A streamlined pitch process

The IT department has also been critical in developing software that has transformed the way the firm conducts the vitally important pitch process. The new system examines both previous and current pitch documents, and holds a bank of all data, such as previous financial results, which could be relevant to other potential pitches – thereby saving large amounts of lawyers’ time in the future.

Before we introduced this system, we were reinventing the wheel every time, but this makes everything much more straightforward and streamlined. It’s indicative, really, of the processes that we are introducing across the board – that is, to make the simple things really simple, which ultimately reduces the costs to the client and means we can concentrate on what is important.

Ironically, part of our drive for increased profitability is actually to lessen the number of tenders the firm pitches for – but there is method in its apparent madness. Many law firms will pitch for every job going, but it costs between £10,000 and £15,000 a time, so it makes much better financial sense to only try for those we have a realistic chance of winning, which will contribute to the development of the firm – and which we can do well.

In the past, Shoosmiths pitched for huge amounts of work, and won approximately 30 per cent – but I am aiming to increase that figure to around 70 per cent, through targeted planning and a programme of repeated practice pitches. We have already seen an improvement in our pitch success rate, although I haven’t actually measured it yet. However, when I was at Wragges, I increased the rate from 40 to 70 per cent in two years – so I am confident I can do it here.

Support from the top

Our chief executive Paul Stothard has empowered the entire management team to take the firm forwards into the future and he believes the next three years will be crucial to achieving the firm’s goals.

“People have heard that we’re doing interesting things here, but some of our potential clients are still not sure what we stand for, and why they should come and work with us. If we can get that right, and build upon it, we could be in for a very exciting time – because we haven’t really scratched the surface yet of what this firm can do for its clients in terms of service,” he says.

In recent years, Shoosmiths has experienced the benefits of getting the firm working together – but it is also crucial, Stothard says, to ensure that in a firm with seven offices, all staff can trust each other to deliver the same level of service and understanding to their clients.

“When people change their service providers – and that includes anything from their legal adviser to their gas supplier – eighty per cent of the time, it’s because of bad service, not a bad product,” he says. “All law firms will claim they give good service, but I’m not convinced they do. We strive to really listen to our clients’ requirements, to talk their language, and to truly understand their business. Now we want to unite behind those messages, and send them out into the marketplace – so that everybody knows exactly what we’re about.”

Looking to the future

Once I have ensured that all our staff are fully conversant with the idea of valued legal services, my next task is to ensure that the rest of the world also knows about it.When I joined, lots of good things were happening at Shoosmiths, but we were one of the legal world’s best kept secrets – few people really knew what great work was going on here.
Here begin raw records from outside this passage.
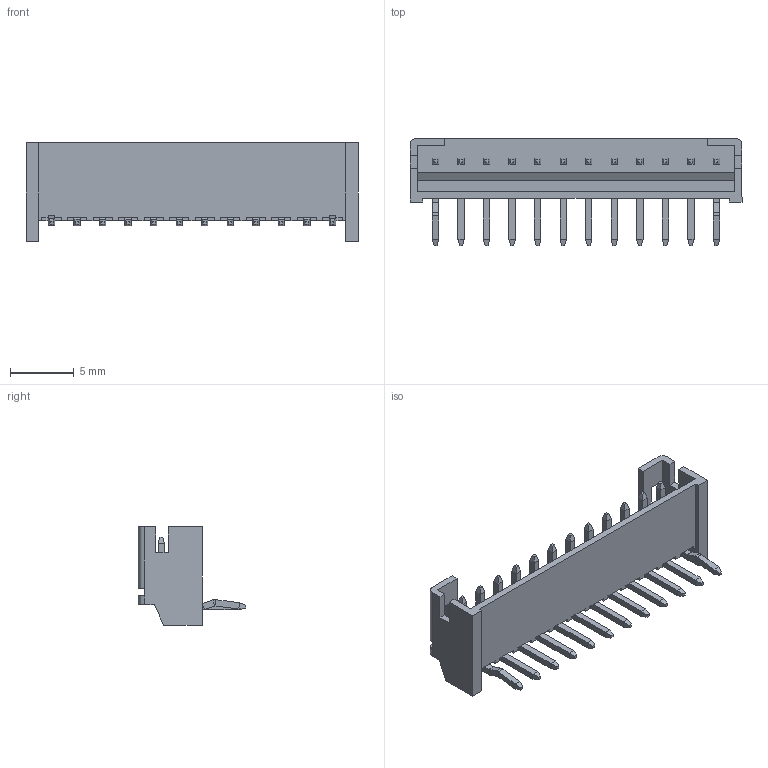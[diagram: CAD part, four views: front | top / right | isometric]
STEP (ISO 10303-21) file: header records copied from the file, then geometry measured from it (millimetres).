
FILE_DESCRIPTION (( 'STEP AP203' ), '1' );
FILE_NAME ('140-512-415-000.STEP', '2020-03-31T19:45:35', ( '' ), ( '' ), 'SwSTEP 2.0', 'SolidWorks 2016', '' );
FILE_SCHEMA (( 'CONFIG_CONTROL_DESIGN' ));
Length unit declared in the file: millimetre
Products named in the file (4): RA Contact_Str; RA Contact_Kink; 140-512-415-000; RA Housing_512
Assembly tree (13 placements, depth 2):
  140-512-415-000
    RA Housing_512
    RA Contact_Kink  x2
    RA Contact_Str  x10
Bounding box: 26 x 8.41 x 7.7 mm (x, y, z)
Volume: 299.1 mm3; surface area: 1103.9 mm2
Topology: 13 solids, 13 shells, 439 faces, 1017 edges, 602 vertices
Faces by surface type: plane 403, cylinder 36
Entity records: 6957 total; most frequent: CARTESIAN_POINT 1110, ORIENTED_EDGE 1090, DIRECTION 1007, EDGE_CURVE 545, LINE 521, VECTOR 521, VERTEX_POINT 346, AXIS2_PLACEMENT_3D 243

Running a legal firm shouldn’t just be about getting money out of people – it’s very much a two-way relationship between ourselves and the client, where we stand shoulder to shoulder with them. In 18 months’ time, I want people to really know who we are and what we stand for – and that we do things in a more enterprising way.

In fact, I think Shoosmiths could be said to be demonstrating its enterprising attitude simply by appointing three female staff to head up marketing, HR, IT and finance. It is quite unusual to find three women with such authority and responsibility, especially within IT and finance, but I think it’s very indicative of the way Shoosmiths works. There is a lot of trust and autonomy, which is fantastic – and this is exactly what makes the firm successful.